Another Bank Charges Customers For Being Poor

(America) Starting this summer, some of SunTrust's least wealthy customers, even if students, will have to pay higher fees on everything from ATM withdrawals to checking accounts, the bank confirmed on Wednesday.

The changes in fees affect primarily Everyday Checking, Student Checking and Solid Choice account holders. The first two accounts are targeted at customers who maintain lower balances.

The changes, scheduled to begin Aug. 24, will raise the minimum daily balance a customer is required to keep in an Everyday Checking account, from $500 to $1,500, to avoid a $7 monthly service fee. Holders of those accounts will also pay more in overdraft fees: they'll fork out $36 per overdraft across the board, instead of $25 for the first one and $36 for subsequent items. Everyday Checking account holders will also lose the perk of being allowed one overdraft a year without a fine.

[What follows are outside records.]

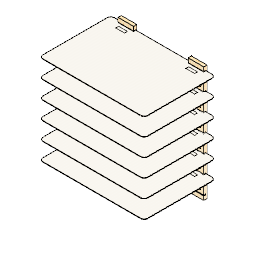
MKFG_ModularCoolingRacks v8 (Autodesk Fusion 360 design; units mm, degrees)
Autodesk Fusion 360 part; units mm, degrees
note: some values were not read from the file. Chosen so that the rebuilt part matches the saved one: which bodies a step acts on.
sketch "Sketch1" plane through (0, 0, 0) normal (0, 0, 1) x (1, 0, 0)
  line L0 (-44.45, 330.2) -> (44.45, 330.2)
  line L1 (44.45, 330.2) -> (44.45, -330.2)
  line L2 (44.45, -330.2) -> (-44.45, -330.2)
  line L3 (-44.45, -330.2) -> (-44.45, 330.2)
  line L4 (-44.45, 306.3875) -> (44.45, 306.3875)
  line L5 (-44.45, 303.2125) -> (44.45, 303.2125)
  line L6 (-44.45, -306.3875) -> (44.45, -306.3875)
  line L7 (-44.45, -303.2125) -> (44.45, -303.2125)
  line L8 (-44.45, 0) -> (44.45, 0) construction
  line L9 (-44.45, -3.175) -> (44.45, -3.175)
  line L10 (-44.45, 3.175) -> (44.45, 3.175)
  line L11 (-44.45, -200.025) -> (44.45, -200.025)
  line L12 (-44.45, -206.375) -> (44.45, -206.375)
  line L13 (-44.45, -98.425) -> (44.45, -98.425)
  line L14 (-44.45, -104.775) -> (44.45, -104.775)
  line L15 (-44.45, 104.775) -> (44.45, 104.775)
  line L16 (-44.45, 98.425) -> (44.45, 98.425)
  line L17 (-44.45, 206.375) -> (44.45, 206.375)
  line L18 (-44.45, 200.025) -> (44.45, 200.025)
  line L19 (0, 303.2125) -> (0, 206.375) construction
  circle A0 centre (0, 254.7938) radius 3.175
  line L20 (0, -206.375) -> (0, -303.2125) construction
  circle A1 centre (0, -254.7938) radius 3.175
  dimension "d1" = 88.9
  dimension "d2" = 660.4
  dimension "d3" = 44.45
  dimension "d4" = 330.2
  dimension "d5" = 23.8125
  dimension "d6" = 3.175
  dimension "d7" = 23.8125
  dimension "d8" = -3.175
  dimension "d9" = 3.175
  dimension "d10" = -3.175
  dimension "d13" = 0
  dimension "d14" = 101.6
  dimension "d20" = 6.35
  dimension "d21" = 6.35
  constraint horizontal L0
  constraint vertical L1
  constraint horizontal L2
  constraint vertical L3
  constraint coincident L3 L4.start
  constraint coincident L1 L4.end
  constraint perpendicular L1 L4
  constraint coincident L3 L6.start
  constraint coincident L1 L6.end
  constraint perpendicular L1 L6
  constraint midpoint L3 L8.start
  constraint midpoint L1 L8.end
  constraint midpoint L5 L19.start
  constraint midpoint L17 L19.end
  constraint perpendicular L17 L19
  constraint coincident L19 A0.centre
  constraint midpoint L12 L20.start
  constraint midpoint L7 L20.end
  constraint perpendicular L7 L20
  constraint midpoint L20 A1.centre
  constraint coincident L1 L12.end
  constraint coincident L3 L12.start
  constraint coincident L1 L7.end
  constraint coincident L1 L5.end
  constraint coincident L3 L5.start
  constraint coincident L1 L17.end
  constraint midpoint L19 A0.centre
  measures "d1" distance of L0.start L0.end
  measures "d2" distance of L0.start L2.end
  measures "d3" distance of origin L3
  measures "d4" distance of origin L0
  measures "d5" distance of L0 L4
  measures "d7" distance of L2 L6
  measures "d20" diameter of A0
  measures "d21" diameter of A1
extrude "Extrude1" add sketch "Sketch1" along normal blind 19.05 contours L0 L1 L3 L4 | L1 L3 L4 L5 | L1 L3 L5 L17 | L1 L3 L17 L18 | L1 L3 L15 L18 | L1 L3 L15 L16 | L1 L3 L10 L16 | L1 L3 L9 L10 | L1 L3 L9 L13 | L1 L3 L13 L14 | L1 L3 L11 L14 | L1 L3 L11 L12 | L1 L3 L7 L12 | L1 L3 L6 L7 | L1 L2 L3 L6 | A0 | A1 makes body 1
extrude "Extrude2" cut sketch "Sketch1" against normal blind 12.7 from surface at 19.05 contours L1 L3 L4 L5 | L1 L3 L17 L18 | L1 L3 L15 L16 | L1 L3 L9 L10 | L1 L3 L13 L14 | L1 L3 L11 L12 | L1 L3 L6 L7 bodies 1
extrude "Extrude3" cut sketch "Sketch1" along normal up to surface (19.05 mm away) contours A0 | A1 bodies 1
sketch "Sketch2" plane through (-44.45, 0, 0) normal (-1, 0, 0) x (0, 0, 1)
  line L0 (6.35, -98.425) -> (19.05, -98.425)
  line L1 (19.05, -98.425) -> (19.05, -3.175)
  line L2 (19.05, -3.175) -> (6.35, -3.175)
  line L3 (6.35, -3.175) -> (6.35, 3.175)
  line L4 (6.35, 3.175) -> (19.05, 3.175)
  line L5 (19.05, 3.175) -> (19.05, 98.425)
  line L6 (19.05, 98.425) -> (6.35, 98.425)
  line L7 (6.35, 98.425) -> (6.35, 104.775)
  line L8 (6.35, 104.775) -> (19.05, 104.775)
  line L9 (19.05, 104.775) -> (19.05, 200.025)
  line L10 (19.05, 200.025) -> (6.35, 200.025)
  line L11 (6.35, 200.025) -> (6.35, 206.375)
  line L12 (6.35, 206.375) -> (19.05, 206.375)
  line L13 (19.05, 206.375) -> (19.05, 303.2125)
  line L14 (19.05, 303.2125) -> (6.35, 303.2125)
  line L15 (6.35, 303.2125) -> (6.35, 306.3875)
  line L16 (6.35, 306.3875) -> (19.05, 306.3875)
  line L17 (19.05, 306.3875) -> (19.05, 330.2)
  line L18 (19.05, 330.2) -> (0, 330.2)
  line L19 (0, 330.2) -> (0, -330.2)
  line L20 (0, -330.2) -> (19.05, -330.2)
  line L21 (19.05, -330.2) -> (19.05, -306.3875)
  line L22 (19.05, -306.3875) -> (6.35, -306.3875)
  line L23 (6.35, -306.3875) -> (6.35, -303.2125)
  line L24 (6.35, -303.2125) -> (19.05, -303.2125)
  line L25 (19.05, -303.2125) -> (19.05, -206.375)
  line L26 (19.05, -206.375) -> (6.35, -206.375)
  line L27 (6.35, -206.375) -> (6.35, -200.025)
  line L28 (6.35, -200.025) -> (19.05, -200.025)
  line L29 (19.05, -200.025) -> (19.05, -104.775)
  line L30 (19.05, -104.775) -> (6.35, -104.775)
  line L31 (6.35, -104.775) -> (6.35, -98.425)
  line L32 (19.05, 196.025) -> (31.75, 196.025)
  line L33 (31.75, 196.025) -> (31.75, 202.375)
  line L34 (31.75, 202.375) -> (57.15, 202.375)
  line L35 (57.15, 202.375) -> (19.05, 121.025)
  dimension "d24" = 12.7
  dimension "d25" = 6.35
  dimension "d26" = 25.4
  dimension "d27" = 75
  dimension "d28" = 4
  constraint coincident L9 L32.start
  constraint perpendicular L9 L32
  constraint perpendicular L32 L33
  constraint perpendicular L33 L34
  constraint coincident L9 L35.end
  measures "d24" distance of L32.start L32.end
  measures "d25" distance of L32.end L33.end
  measures "d26" distance of L33.end L34.end
  measures "d27" distance of L32.start L35.end
  measures "d28" distance of L10 L32
extrude "Extrude4" add sketch "Sketch2" against normal blind 50.8 from surface at -19.05 separate body contours L9 L32 L33 L34 L35 makes body 2
fillet "Fillet1" radius 3.5 3 edges at (0, 202.375, 31.75) (0, 196.025, 31.75) (0, 202.375, 57.15) on bodies 2
chamfer "Chamfer2" distance 0.5 distance2 0.5 2 edges at (0, 121.025, 19.05) (0, 196.025, 19.05) 2 faces at (-25.4, 171.5539, 34.4568) (25.4, 171.5539, 34.4568) measured on face at (-8.4667, 171.9354, 42.8937) measured on face at (8.4667, 146.025, 19.05) on bodies 2
sketch "Sketch3" plane through (0, 0, 19.05) normal (0, 0, -1) x (-1, 0, 0)
  line L0 (24.9, 195.525) -> (-24.9, 195.525)
  line L1 (-24.9, 195.525) -> (-24.9, 121.525)
  line L2 (-24.9, 121.525) -> (24.9, 121.525)
  line L3 (24.9, 121.525) -> (24.9, 195.525)
  line L4 (0, 195.525) -> (0, 121.525) construction
  line L5 (-1.9, 187.375) -> (-1.9, 180.375)
  arc A0 (-1.9, 180.375) -> (1.9, 180.375) centre (0, 180.375) ccw
  line L6 (1.9, 180.375) -> (1.9, 187.375)
  arc A1 (1.9, 187.375) -> (-1.9, 187.375) centre (0, 187.375) ccw
  line L7 (0, 187.375) -> (0, 180.375) construction
  line L8 (-1.9, 142.375) -> (-1.9, 135.375)
  arc A2 (-1.9, 135.375) -> (1.9, 135.375) centre (0, 135.375) ccw
  line L9 (1.9, 135.375) -> (1.9, 142.375)
  arc A3 (1.9, 142.375) -> (-1.9, 142.375) centre (0, 142.375) ccw
  line L10 (0, 142.375) -> (0, 135.375) construction
  line L11 (24.9, 202.375) -> (-24.9, 202.375)
  line L12 (-5.9, 187.375) -> (-5.9, 180.375)
  arc A4 (-5.9, 180.375) -> (5.9, 180.375) centre (0, 180.375) ccw
  line L13 (5.9, 180.375) -> (5.9, 187.375)
  arc A5 (5.9, 187.375) -> (-5.9, 187.375) centre (0, 187.375) ccw
  line L14 (-5.9, 142.375) -> (-5.9, 135.375)
  arc A6 (-5.9, 135.375) -> (5.9, 135.375) centre (0, 135.375) ccw
  line L15 (5.9, 135.375) -> (5.9, 142.375)
  arc A7 (5.9, 142.375) -> (-5.9, 142.375) centre (0, 142.375) ccw
  dimension "d42" = 3.8
  dimension "d43" = 3.8
  dimension "d44" = 45
  dimension "d45" = 7
  dimension "d46" = 7
  dimension "d47" = 15
  dimension "d48" = 4
  dimension "d49" = 4
  constraint midpoint L0 L4.start
  constraint midpoint L2 L4.end
  constraint tangent L5 A0
  constraint tangent A0 L6
  constraint parallel L5 L6
  constraint tangent L6 A1
  constraint tangent L5 A1
  constraint perpendicular L0 L7
  constraint coincident L4 A1.centre
  constraint tangent L8 A2
  constraint tangent A2 L9
  constraint parallel L8 L9
  constraint tangent L9 A3
  constraint tangent L8 A3
  constraint parallel L4 L10
  constraint coincident L4 A3.centre
  measures "d42" diameter of A0
  measures "d43" diameter of A2
  measures "d44" distance of A1.centre A3.centre
  measures "d45" distance of L5.start L5.end
  measures "d46" distance of L8.start L8.end
  measures "d47" distance of A1.centre L11
extrude "Extrude5" cut sketch "Sketch3" against normal blind 40 contours L5 A0 L6 A1 | L8 A2 L9 A3 bodies 2
extrude "Extrude6" cut sketch "Sketch3" against normal blind 40 from surface at -3.175 contours L12 A4 L13 A5 | L14 A6 L15 A7 bodies 2
sketch "Sketch4" plane through (0, 0, 19.05) normal (0, 0, 1) x (1, 0, 0)
  line L0 (44.45, 200.025) -> (-44.45, 200.025)
  line L1 (-44.45, 200.025) -> (-44.45, 104.775)
  line L2 (-44.45, 104.775) -> (44.45, 104.775)
  line L3 (44.45, 104.775) -> (44.45, 200.025)
  line L4 (44.45, 201.625) -> (-44.45, 201.625)
  line L5 (0, 200.025) -> (0, 185.025) construction
  line L6 (0, 185.025) -> (0, 140.025) construction
  circle A0 centre (0, 185.025) radius 1.5875
  circle A1 centre (0, 140.025) radius 1.5875
  line L7 (5, 140.025) -> (5, 201.625)
  arc A2 (5, 201.625) -> (-5, 201.625) centre (0, 201.625) ccw
  line L8 (-5, 201.625) -> (-5, 140.025)
  arc A3 (-5, 140.025) -> (5, 140.025) centre (0, 140.025) ccw
  line L9 (0, 140.025) -> (0, 201.625) construction
  line L10 (44.45, 201.625) -> (44.45, 200.025)
  line L11 (-44.45, 201.625) -> (-44.45, 200.025)
  line L12 (44.45, 201.625) -> (46.05, 201.625)
  line L13 (46.05, 201.625) -> (46.05, 196.625)
  line L14 (-44.45, 201.625) -> (-46.05, 201.625)
  line L15 (-46.05, 201.625) -> (-46.05, 196.625)
  line L16 (-46.05, 196.625) -> (-5, 170.825)
  line L17 (46.05, 196.625) -> (5, 170.825)
  dimension "d55" = 1.6
  dimension "d56" = 15
  dimension "d57" = 45
  dimension "d58" = 3.175
  dimension "d59" = 3.175
  dimension "d60" = 10
  dimension "d61" = 1.6
  dimension "d62" = 5
  dimension "d63" = 1.6
  dimension "d64" = 5
  constraint midpoint L0 L5.start
  constraint perpendicular L0 L5
  constraint parallel L5 L6
  constraint coincident L5.end L6.start
  constraint coincident L6.end A1.centre
  constraint tangent L7 A2
  constraint tangent A2 L8
  constraint parallel L7 L8
  constraint tangent L8 A3
  constraint tangent L7 A3
  constraint midpoint L4 A2.centre
  constraint perpendicular L4 L9
  constraint coincident L0.start L3.end
  constraint coincident L0.end L1.start
  constraint perpendicular L0 L10
  constraint perpendicular L10 L12
  constraint perpendicular L12 L13
  constraint perpendicular L11 L14
  constraint perpendicular L14 L15
  constraint midpoint L8 L16.end
  constraint midpoint L7 L17.end
  measures "d56" distance of L5.start L5.end
  measures "d57" distance of L5.end L6.end
  measures "d58" diameter of A0
  measures "d59" diameter of A1
  measures "d60" diameter of A2
  measures "d61" distance of L4.start L12.end
  measures "d62" distance of L12.end L13.end
  measures "d63" distance of L4.end L14.end
  measures "d64" distance of L14.end L15.end
extrude "Extrude7" add sketch "Sketch4" along normal blind 1 separate body contours L0 L3 L7 L17 | L3 L10 L12 L13 L17 | L0 L4 L7 L10 | L0 L7 L8 A3 | L0 L4 L7 L8 | L0 L1 L8 L16 | L0 L4 L8 L11 | L1 L11 L14 L15 L16 makes body 3
extrude "Extrude8" add sketch "Sketch4" against normal blind 5 contours L3 L10 L12 L13 L17 | L0 L4 L7 L10 | L0 L4 L7 L8 | L0 L4 L8 L11 | L1 L11 L14 L15 L16 bodies 3
fillet "Fillet4" radius 0.8 2 edges at (-44.45, 195.6194, 16.55) (44.45, 195.6194, 16.55) on bodies 3
copy_body "CopyPasteBodies1" bodies 1 2 makes body 4 makes body 5
move_body "Move1" bodies 4 5 to x (1, 0, 0) y (0, 1, 0) z (0, 0, 1) at (400, 0, 0)
pattern_linear "R-Pattern1" count 5 spacing 101.6 along (0, -1, 0) of bodies 2 5 makes body 6 at (18.417, 52.9004, 34.7281) makes body 7 at (18.417, -48.6996, 34.7281) makes body 8 at (18.417, -150.2996, 34.7281) makes body 9 at (18.417, -251.8996, 34.7281) makes body 10 at (418.417, 52.9004, 34.7281) makes body 11 at (418.417, -48.6996, 34.7281) makes body 12 at (418.417, -150.2996, 34.7281) makes body 13 at (418.417, -251.8996, 34.7281)
sketch "Sketch5" plane through (0, 200.025, 0) normal (0, 1, 0) x (-1, 0, 0)
  line L0 (44.45, 19.05) -> (-44.45, 19.05)
  line L1 (-44.45, 19.05) -> (-44.45, 6.35)
  line L2 (-44.45, 6.35) -> (44.45, 6.35)
  line L3 (44.45, 6.35) -> (44.45, 19.05)
  line L4 (-355.55, 19.05) -> (-444.45, 19.05)
  line L5 (-444.45, 19.05) -> (-444.45, 6.35)
  line L6 (-444.45, 6.35) -> (-355.55, 6.35)
  line L7 (-355.55, 6.35) -> (-355.55, 19.05)
  line L8 (98.45, 6.35) -> (-498.45, 6.35)
  line L9 (-498.45, 6.35) -> (-498.45, 412.75)
  line L10 (-498.45, 412.75) -> (98.45, 412.75)
  line L11 (98.45, 412.75) -> (98.45, 6.35)
  line L12 (-355.55, 6.35) -> (-44.45, 6.35) construction
  point P0 (-200, 6.35)
  point P1 (-200, 6.35)
  dimension "d75" = 596.9
  dimension "d76" = 406.4
  constraint horizontal L8
  constraint vertical L9
  constraint horizontal L10
  constraint vertical L11
  constraint coincident L6.end L7.start
  constraint coincident L1.end L2.start
  constraint midpoint L12 P1
  constraint midpoint L8 P1
  constraint coincident P1 P0
  measures "d75" distance of L8.start L8.end
  measures "d76" distance of L8.start L10.end
extrude "Extrude9" add sketch "Sketch5" along normal blind 3.175 separate body makes body 14
fillet "Fillet5" radius 20 4 edges at (498.45, 201.6125, 412.75) (498.45, 201.6125, 6.35) (-98.45, 201.6125, 6.35) (-98.45, 201.6125, 412.75) on bodies 14
copy_body "CopyPasteBodies2" bodies 5 2 makes body 15 makes body 16
move_body "Move2" bodies 15 16 to x (1, 0, 0) y (0, 1, 0) z (0, 0, 1) at (0, 101.6, 0)
move_body "Move3" bodies 14 to x (1, 0, 0) y (0, 1, 0) z (0, 0, 1) at (0, 101.6, 0)
pattern_linear "R-Pattern2" count 6 spacing 101.6 along (0, -1, 0) of bodies 14 makes body 17 at (292.8167, 203.2, 277.2833) makes body 18 at (292.8167, 101.6, 277.2833) makes body 19 at (292.8167, 0, 277.2833) makes body 20 at (292.8167, -101.6, 277.2833) makes body 21 at (292.8167, -203.2, 277.2833)
move_body "Move4" bodies 14 17 18 19 21 20 to x (1, 0, 0) y (0, 1, 0) z (0, 0, 1) at (0, 1, 0)
hidden bodies 3
equation "d2 = 26\""
equation "d3 = d1 / 2"
equation "d4 = d2 / 2"
equation "d5 = 1\" - 1\" / 16"
equation "d6 = 1\" / 8"
equation "d7 = 1\" - 1\" / 16"
equation "d8 = -1\" / 8"
equation "d9 = 1\" / 8"
equation "d10 = -1\" / 8"
equation "d14 = 4\""
equation "d15 = 3\" / 4"
equation "d25 = 1\" / 4"
equation "d52 = -1\" / 8"
equation "d58 = 1\" / 8"
equation "d59 = 1\" / 8"
equation "d76 = 16\""
named bodies: "BWRack_1x4_WallPlate", "BWRackBraceA", "BWRackBraceDrillJig", "BWRack_1x4_WallPlate (1)", "BWRackBraceA (1)", "BWRackBraceA (2)", "BWRackBraceA (3)", "BWRackBraceA (4)", "BWRackBraceA (5)", "BWRackBraceA (1) (1)", "BWRackBraceA (1) (2)", "BWRackBraceA (1) (3)", "BWRackBraceA (1) (4)", "cooling_rack", "BWRackBraceA (1) (5)", "BWRackBraceA (2) (1)", "cooling_rack (1)", "cooling_rack (2)", "cooling_rack (3)", "cooling_rack (4)", "cooling_rack (5)"

Customers with other accounts, including Student Checking and Solid Choice Checking ones, will lose another benefit: ATM fee reimbursements for transactions at non-SunTrust Banks.

The pricing changes reflect the costs of doing business and staying competitive with other banks, as well as balancing the needs of its customers, SunTrust spokesman Hugh Suhr stated in an email.

Last year, SunTrust, which has 1,651 branches in the Southeast America and is based in Atlanta, stopped offering free checking. After SunTrust imposed a fee for use of its debit cards, the company rescinded it in the wake of consumer fury surrounding Bank of America's attempt to charge $5 monthly for debit card use.

SunTrust is hardly the only bank this year to make major changes to its fee structure. Wells Fargo has said it is completely phasing out free checking this summer. U.S. Bank said in May that it will hike overdrafts fees to $35 from $33. In April, the cost for a checking account at Citizens Bank doubled.

In addition to imposing higher fees on existing services, banks have also been experimenting with offering new products. JPMorgan Chase is debuting a prepaid card this summer that will cost $4.95 per month -- a product that Chase has said it wants to present as an alternative to a checking account. Other banks have expanded into offering services like short-term payday-like loans.